By default, the DOM tree presented to the user will be produced according to the following criteria:

However, if another tree is desired, the user may change this. For example, very often you would rather be working with the fully canonicalized tree, with all cdata sections replaced by text nodes and merged, and all entity references replaced with their contents.

The mechanism for doing this is the optional configuration argument to parseFile and parseString. configuration is a DOMConfiguration object, which may be manipulated by setParameter calls.
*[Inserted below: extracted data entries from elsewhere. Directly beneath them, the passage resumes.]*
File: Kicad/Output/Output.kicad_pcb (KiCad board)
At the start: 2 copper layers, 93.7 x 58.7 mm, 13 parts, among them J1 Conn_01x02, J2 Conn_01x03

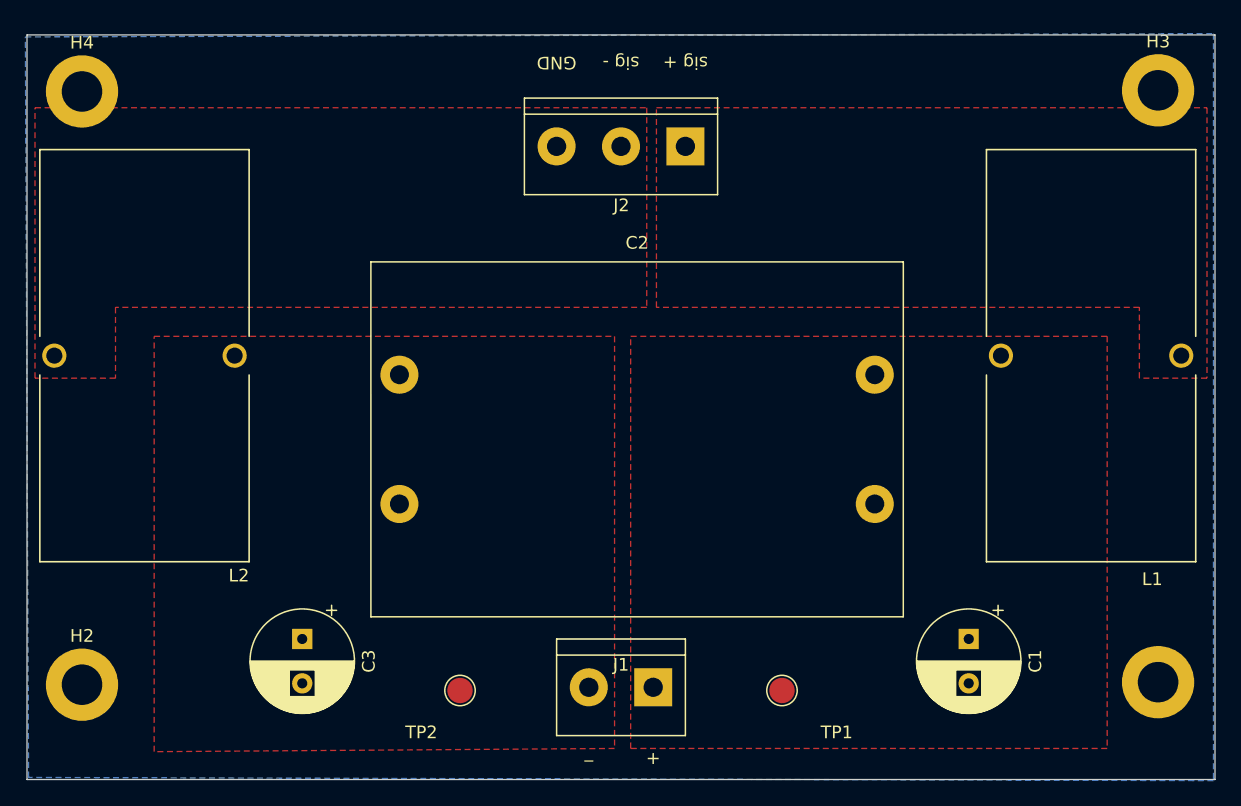
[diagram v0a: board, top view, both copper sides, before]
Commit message: Make Output Filter Board Smaller
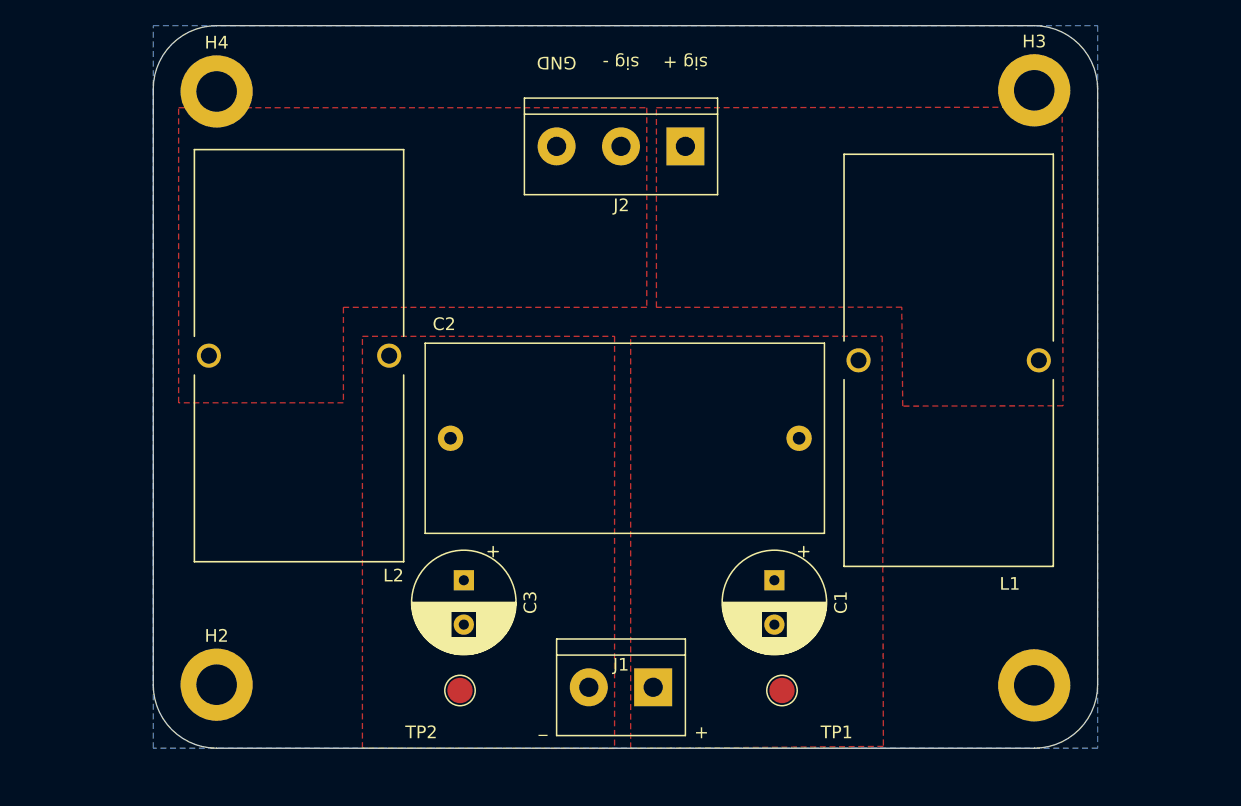
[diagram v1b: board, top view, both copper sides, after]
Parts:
- C2: footprint OutputFilmCapacitor:C4AQQBW5140A3JJ -> OutputFilmCapacitor:C4AQLBU5140M18K
- moved C1 16.0 mm to (164.5, 115.0)
- moved C3 13.6 mm to (140.0, 115.0)
- moved C2 12.9 mm to (145.4, 97.8)
- moved L2 12.2 mm to (127.0, 97.3)
- moved L1 11.2 mm to (178.2, 97.7)
- moved H2 10.6 mm to (120.5, 123.2)
- moved H4 10.6 mm to (120.5, 76.4)
- moved H1 9.77 mm to (185.0, 123.3)
- moved H3 9.77 mm to (185.0, 76.3)
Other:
- board size 93.7 x 58.7 mm -> 74.5 x 57 mm
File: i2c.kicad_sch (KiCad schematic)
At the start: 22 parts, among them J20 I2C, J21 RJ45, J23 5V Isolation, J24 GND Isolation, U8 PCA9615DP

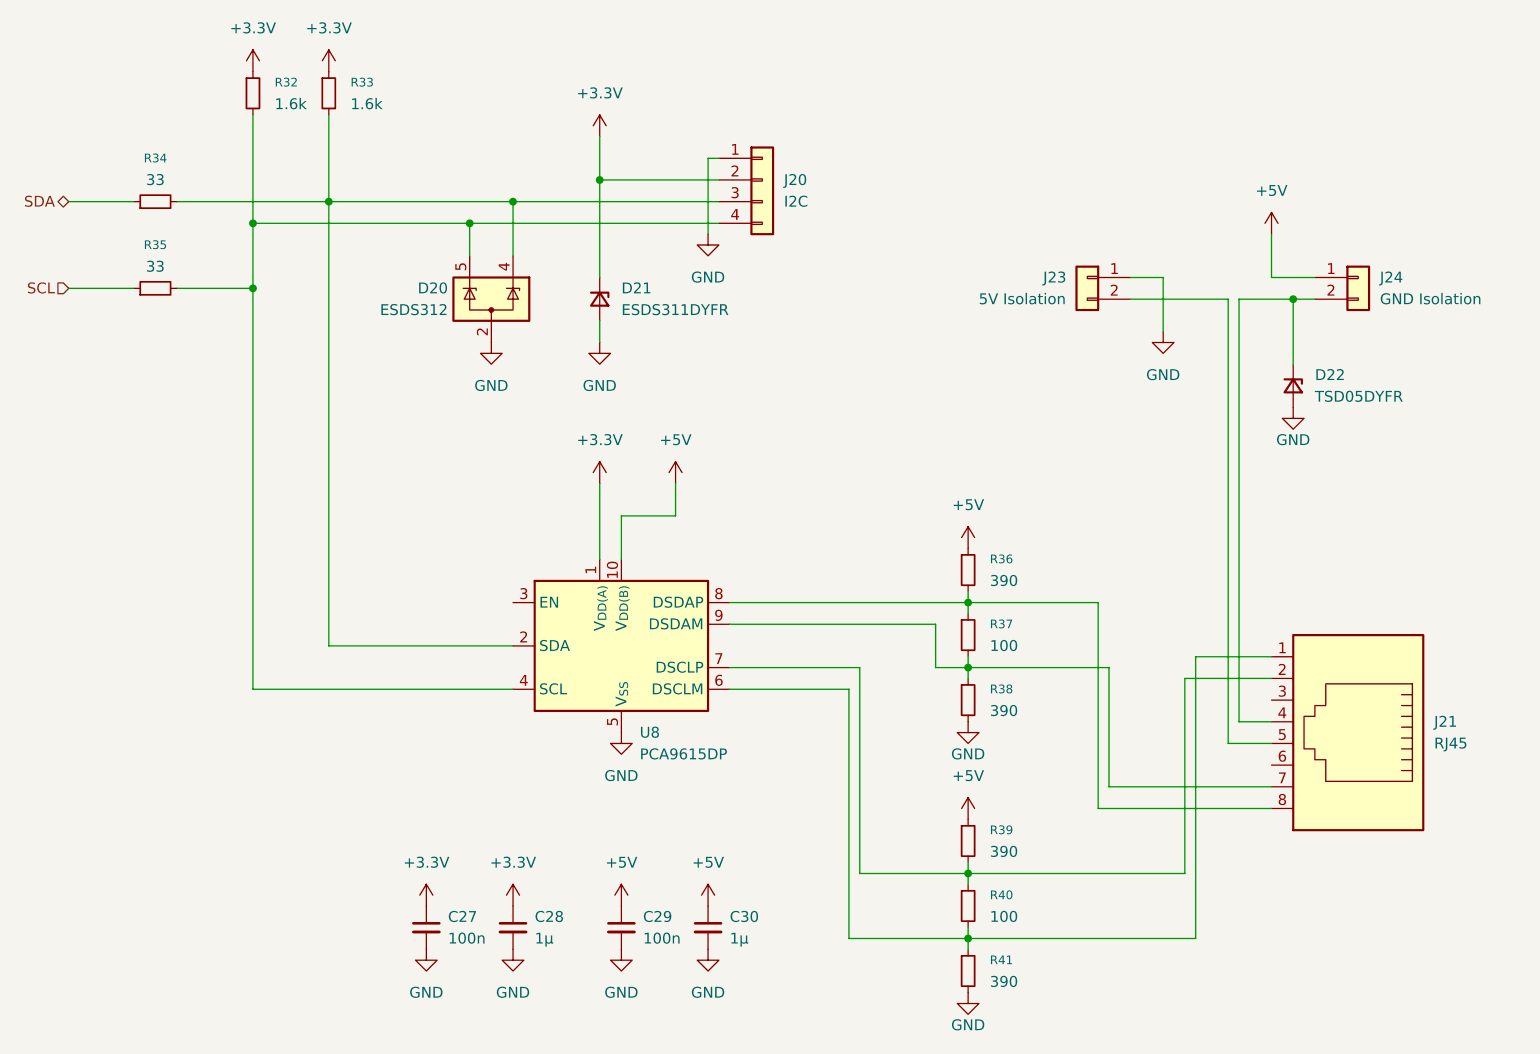
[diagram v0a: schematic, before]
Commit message: - I2C entfernt - Logo hinzugefügt - Spannungsauswahl für Audio (USB oder +5V) hinzugefügt - Spannung für WS2812 LEDs ändert sich jetzt zusammen mit +5VD Auswahl
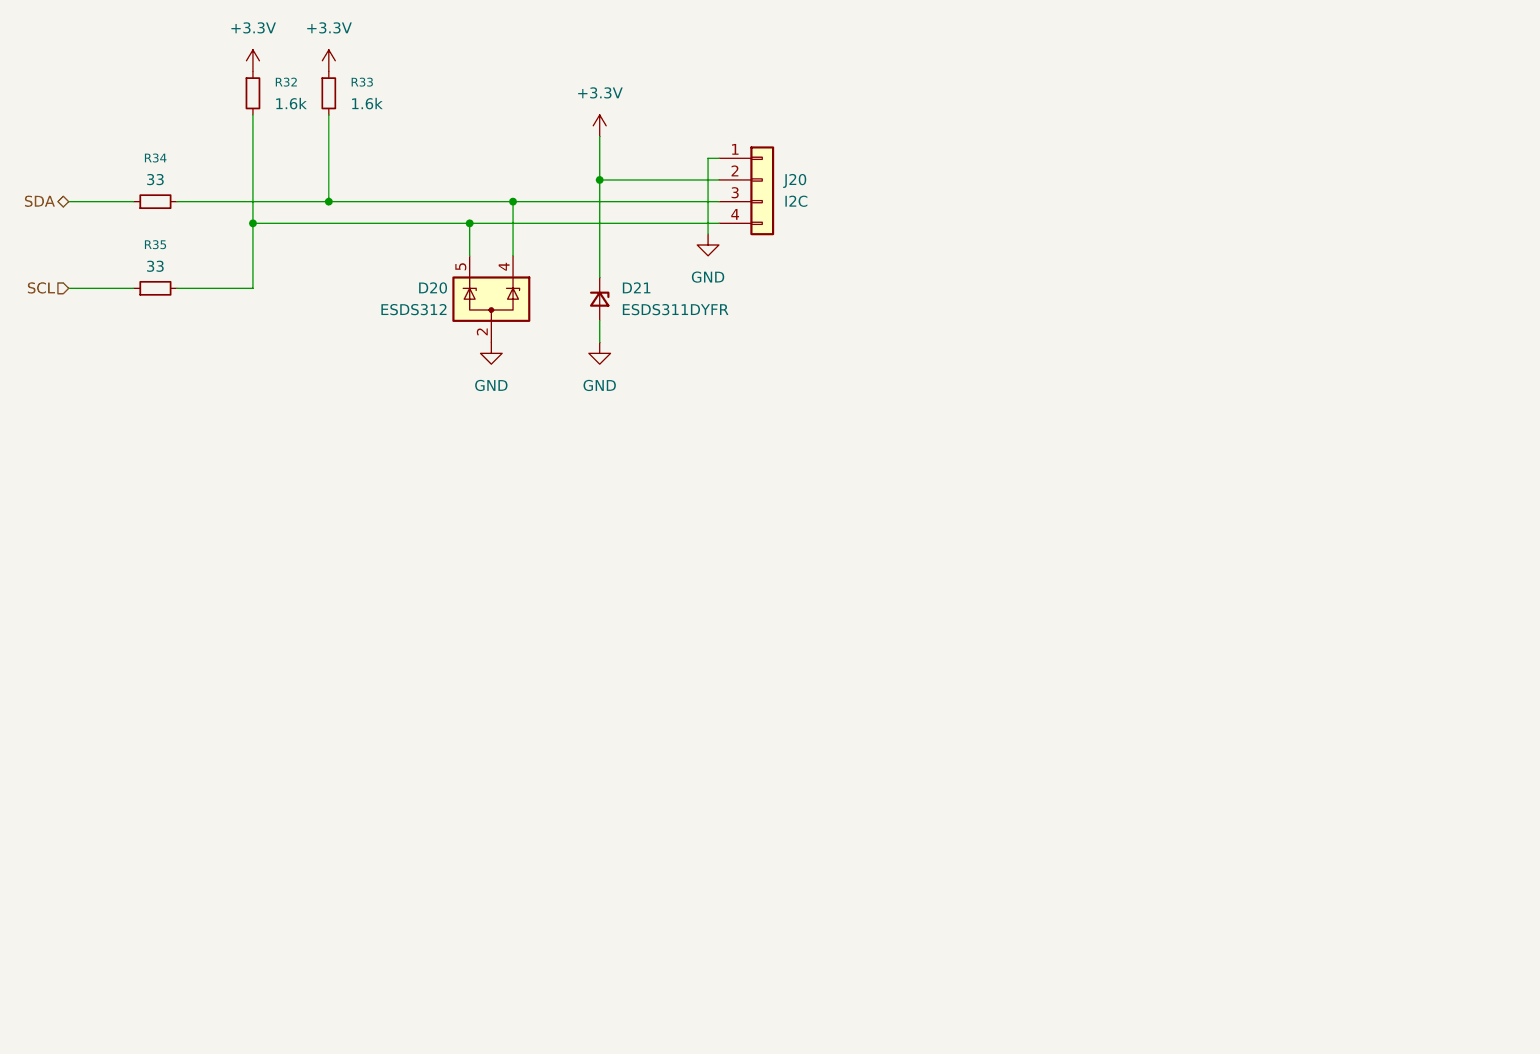
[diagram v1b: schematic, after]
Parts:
- removed C27, C29: 100n, Capacitor_SMD:C_0603_1608Metric, symbol Device:C_Small
- removed C28, C30: 1µ, Capacitor_SMD:C_0603_1608Metric, symbol Device:C_Small
- removed D22: TSD05DYFR, Diode_SMD:D_SOD-323_HandSoldering, symbol Device:D_Zener_Small
- removed J21: RJ45, Connector_RJ:RJ45_Amphenol_54602-x08_Horizontal, symbol Connector:RJ45
- removed J23: 5V Isolation, Connector_PinHeader_2.54mm:PinHeader_1x02_P2.54mm_Vertical, symbol Connector_Generic:Conn_01x02
- removed J24: GND Isolation, Connector_PinHeader_2.54mm:PinHeader_1x02_P2.54mm_Vertical, symbol Connector_Generic:Conn_01x02
- removed R36, R38, R39, R41: 390, Resistor_SMD:R_0603_1608Metric, symbol Device:R_Small
- removed R37, R40: 100, Resistor_SMD:R_0603_1608Metric, symbol Device:R_Small
- removed U8: PCA9615DP, Package_SO:TSSOP-10_3x3mm_P0.5mm, symbol Interface:PCA9615DP

Note that FoX's implementation of DOMConfiguration does not follow the specification precisely. One DOMConfiguration object controls all of parsing, normalization and serialization. It can be used like so:

use FoX_dom
implicit none
type(Node), pointer :: doc
! Declare a new configuration object
type(DOMConfiguration), pointer :: config
! Request full canonicalization
! ie convert CDATA sections to text sections, remove all entity references etc.
config => newDOMConfig()
call setParameter(config, "canonical-form", .true.)
! Turn on validation
call setParameter(config, "validate", .true.)
! parse the document
doc => parseFile("doc.xml", config)

! Do a whole lot of DOM processing ...

! change the configuration to allow cdata-sections to be preserved.
call setParameter(getDomConfig(doc), "cdata-sections", .true.)
! normalize the document again 
call normalizeDocument(doc)
! change the configuration to influence the output - make sure there is an XML declaration
call setParameter(getDomConfig(doc), "xml-declaration", .true.)
! and write the document out.
call serialize(doc)
! once everything is done, destroy the doc and config
call destroy(doc)
call destroy(config)

The available configuration options are fully explained in:

and are all implemented, with the exceptions of: error-handler, schema-location, and schema-type.
In total there are 24 implemented configuration options (schema-location and schema-type are not implemented). The options known by FoX are as follows:

Setting canonical-form changes the value of entities, cdata-sections, discard-default-content, invalid-pretty-print, and xml-declarationto false and changes namespaces, namespace-declarations, and element-content-whitespace to true. Unsetting canonical-form causes these options to revert to the defalt settings. Changing the values of any of these options has the side effect of unsetting canonical-form (but does not cause the other options to be reset). Setting validate unsets validate-if-schema and vica versa.

DOM Miscellanea

Other issues

It was decided to implement W3C DOM interfaces primarily because they are specified in a language-agnostic fashion, and thus made Fortran implementation possible. A number of criticisms have been levelled at the W3C DOM, but many apply only from the perspective of Java developers. However, more importantly, the W3C DOM suffers from a lack of sufficient error checking so it is very easy to create a DOM tree, or manipulate an existing DOM tree into a state, that cannot be serialized into a legal XML document.

(Although the Level 3 DOM specifications finally addressed this issue, they did so in a fashion that was neither very useful, nor easily translatable into a Fortran API.)

Therefore, FoX will by default produce errors about many attempts to manipulate the DOM in such a way as would result in invalid XML. These errors can be switched off if standards-compliant behaviour is wanted. Although extensive, these checks are not complete. In particular, the way the W3C DOM mandates namespace handling makes it trivial to produce namespace non-well-formed document trees, and very difficult for the processor to automatically detect the non-well-formedness. Thus a fully well-formed tree is only guaranteed after a suitable normalizeDocument call.